With the pictures left out, write every entry down exactly.

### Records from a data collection
==============================

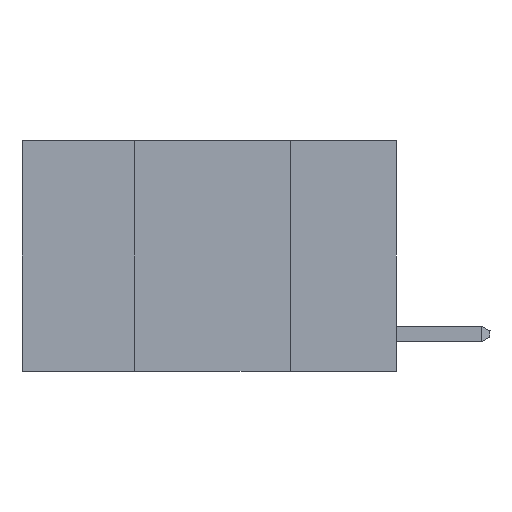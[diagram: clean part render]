
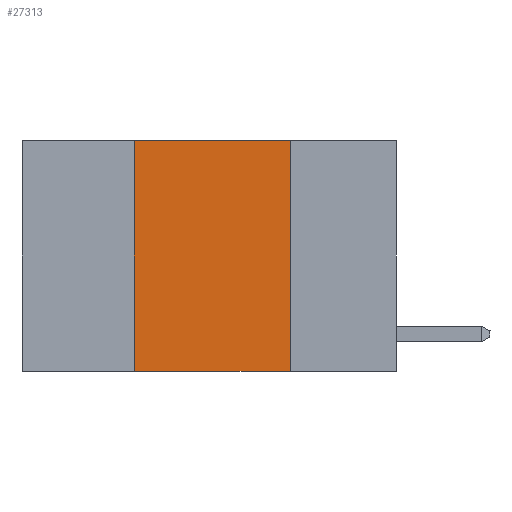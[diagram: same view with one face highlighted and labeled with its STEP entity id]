
A CAD part, left-side view. The second image highlights one B-rep face of the part: STEP entity #27313.
In plain terms, the highlighted planar face has unit normal (-1, 0, 0).
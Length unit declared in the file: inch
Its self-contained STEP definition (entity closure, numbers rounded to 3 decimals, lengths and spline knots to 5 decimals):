
#814 = CARTESIAN_POINT ( 'NONE',  ( 0., 0.42, -0.37 ) ) ;
#1314 = DIRECTION ( 'NONE',  ( 0., -1., 0. ) ) ;
#1438 = CARTESIAN_POINT ( 'NONE',  ( 0., 0.17, 0. ) ) ;
#2972 = VECTOR ( 'NONE', #25764, 39.37008 ) ;
#4607 = VERTEX_POINT ( 'NONE', #6587 ) ;
#5771 = VERTEX_POINT ( 'NONE', #10389 ) ;
#5818 = EDGE_CURVE ( 'NONE', #15156, #5771, #17969, .T. ) ;
#6587 = CARTESIAN_POINT ( 'NONE',  ( 0., 0.17, -0.37 ) ) ;
#6980 = ORIENTED_EDGE ( 'NONE', *, *, #26742, .T. ) ;
#7477 = EDGE_CURVE ( 'NONE', #12318, #15156, #7539, .T. ) ;
#7539 = LINE ( 'NONE', #14593, #18565 ) ;
#7839 = CARTESIAN_POINT ( 'NONE',  ( 0., 0.6, -0.37 ) ) ;
#8752 = LINE ( 'NONE', #1438, #2972 ) ;
#9166 = DIRECTION ( 'NONE',  ( 1., 0., 0. ) ) ;
#10389 = CARTESIAN_POINT ( 'NONE',  ( 0., 0.17, 0. ) ) ;
#10579 = DIRECTION ( 'NONE',  ( 0., -1., 0. ) ) ;
#10698 = ORIENTED_EDGE ( 'NONE', *, *, #7477, .F. ) ;
#11287 = PLANE ( 'NONE',  #26233 ) ;
#12318 = VERTEX_POINT ( 'NONE', #814 ) ;
#14472 = ORIENTED_EDGE ( 'NONE', *, *, #22798, .F. ) ;
#14593 = CARTESIAN_POINT ( 'NONE',  ( 0., 0.42, 0. ) ) ;
#14672 = VECTOR ( 'NONE', #1314, 39.37008 ) ;
#15156 = VERTEX_POINT ( 'NONE', #19575 ) ;
#17063 = FACE_OUTER_BOUND ( 'NONE', #25539, .T. ) ;
#17949 = CARTESIAN_POINT ( 'NONE',  ( 0., 0.6, 0. ) ) ;
#17969 = LINE ( 'NONE', #23863, #25292 ) ;
#18565 = VECTOR ( 'NONE', #28026, 39.37008 ) ;
#19575 = CARTESIAN_POINT ( 'NONE',  ( 0., 0.42, 0. ) ) ;
#22798 = EDGE_CURVE ( 'NONE', #5771, #4607, #8752, .T. ) ;
#23863 = CARTESIAN_POINT ( 'NONE',  ( 0., 0.6, 0. ) ) ;
#24667 = DIRECTION ( 'NONE',  ( 0., 0., -1. ) ) ;
#25292 = VECTOR ( 'NONE', #10579, 39.37008 ) ;
#25539 = EDGE_LOOP ( 'NONE', ( #14472, #26327, #10698, #6980 ) ) ;
#25764 = DIRECTION ( 'NONE',  ( 0., 0., -1. ) ) ;
#26233 = AXIS2_PLACEMENT_3D ( 'NONE', #17949, #9166, #24667 ) ;
#26327 = ORIENTED_EDGE ( 'NONE', *, *, #5818, .F. ) ;
#26527 = LINE ( 'NONE', #7839, #14672 ) ;
#26742 = EDGE_CURVE ( 'NONE', #12318, #4607, #26527, .T. ) ;
#27313 = ADVANCED_FACE ( 'NONE', ( #17063 ), #11287, .F. ) ;
#28026 = DIRECTION ( 'NONE',  ( 0., 0., 1. ) ) ;

==============================

### Answer box
[diagram: clean part render]
[diagram: same view with one face highlighted and labeled with its STEP entity id]
A CAD part, left-side view. The second image highlights one B-rep face of the part: STEP entity #27313.
In plain terms, the highlighted planar face has unit normal (-1, 0, 0).
Length unit declared in the file: inch
Its self-contained STEP definition (entity closure, numbers rounded to 3 decimals, lengths and spline knots to 5 decimals):
#814 = CARTESIAN_POINT ( 'NONE',  ( 0., 0.42, -0.37 ) ) ;
#1314 = DIRECTION ( 'NONE',  ( 0., -1., 0. ) ) ;
#1438 = CARTESIAN_POINT ( 'NONE',  ( 0., 0.17, 0. ) ) ;
#2972 = VECTOR ( 'NONE', #25764, 39.37008 ) ;
#4607 = VERTEX_POINT ( 'NONE', #6587 ) ;
#5771 = VERTEX_POINT ( 'NONE', #10389 ) ;
#5818 = EDGE_CURVE ( 'NONE', #15156, #5771, #17969, .T. ) ;
#6587 = CARTESIAN_POINT ( 'NONE',  ( 0., 0.17, -0.37 ) ) ;
#6980 = ORIENTED_EDGE ( 'NONE', *, *, #26742, .T. ) ;
#7477 = EDGE_CURVE ( 'NONE', #12318, #15156, #7539, .T. ) ;
#7539 = LINE ( 'NONE', #14593, #18565 ) ;
#7839 = CARTESIAN_POINT ( 'NONE',  ( 0., 0.6, -0.37 ) ) ;
#8752 = LINE ( 'NONE', #1438, #2972 ) ;
#9166 = DIRECTION ( 'NONE',  ( 1., 0., 0. ) ) ;
#10389 = CARTESIAN_POINT ( 'NONE',  ( 0., 0.17, 0. ) ) ;
#10579 = DIRECTION ( 'NONE',  ( 0., -1., 0. ) ) ;
#10698 = ORIENTED_EDGE ( 'NONE', *, *, #7477, .F. ) ;
#11287 = PLANE ( 'NONE',  #26233 ) ;
#12318 = VERTEX_POINT ( 'NONE', #814 ) ;
#14472 = ORIENTED_EDGE ( 'NONE', *, *, #22798, .F. ) ;
#14593 = CARTESIAN_POINT ( 'NONE',  ( 0., 0.42, 0. ) ) ;
#14672 = VECTOR ( 'NONE', #1314, 39.37008 ) ;
#15156 = VERTEX_POINT ( 'NONE', #19575 ) ;
#17063 = FACE_OUTER_BOUND ( 'NONE', #25539, .T. ) ;
#17949 = CARTESIAN_POINT ( 'NONE',  ( 0., 0.6, 0. ) ) ;
#17969 = LINE ( 'NONE', #23863, #25292 ) ;
#18565 = VECTOR ( 'NONE', #28026, 39.37008 ) ;
#19575 = CARTESIAN_POINT ( 'NONE',  ( 0., 0.42, 0. ) ) ;
#22798 = EDGE_CURVE ( 'NONE', #5771, #4607, #8752, .T. ) ;
#23863 = CARTESIAN_POINT ( 'NONE',  ( 0., 0.6, 0. ) ) ;
#24667 = DIRECTION ( 'NONE',  ( 0., 0., -1. ) ) ;
#25292 = VECTOR ( 'NONE', #10579, 39.37008 ) ;
#25539 = EDGE_LOOP ( 'NONE', ( #14472, #26327, #10698, #6980 ) ) ;
#25764 = DIRECTION ( 'NONE',  ( 0., 0., -1. ) ) ;
#26233 = AXIS2_PLACEMENT_3D ( 'NONE', #17949, #9166, #24667 ) ;
#26327 = ORIENTED_EDGE ( 'NONE', *, *, #5818, .F. ) ;
#26527 = LINE ( 'NONE', #7839, #14672 ) ;
#26742 = EDGE_CURVE ( 'NONE', #12318, #4607, #26527, .T. ) ;
#27313 = ADVANCED_FACE ( 'NONE', ( #17063 ), #11287, .F. ) ;
#28026 = DIRECTION ( 'NONE',  ( 0., 0., 1. ) ) ;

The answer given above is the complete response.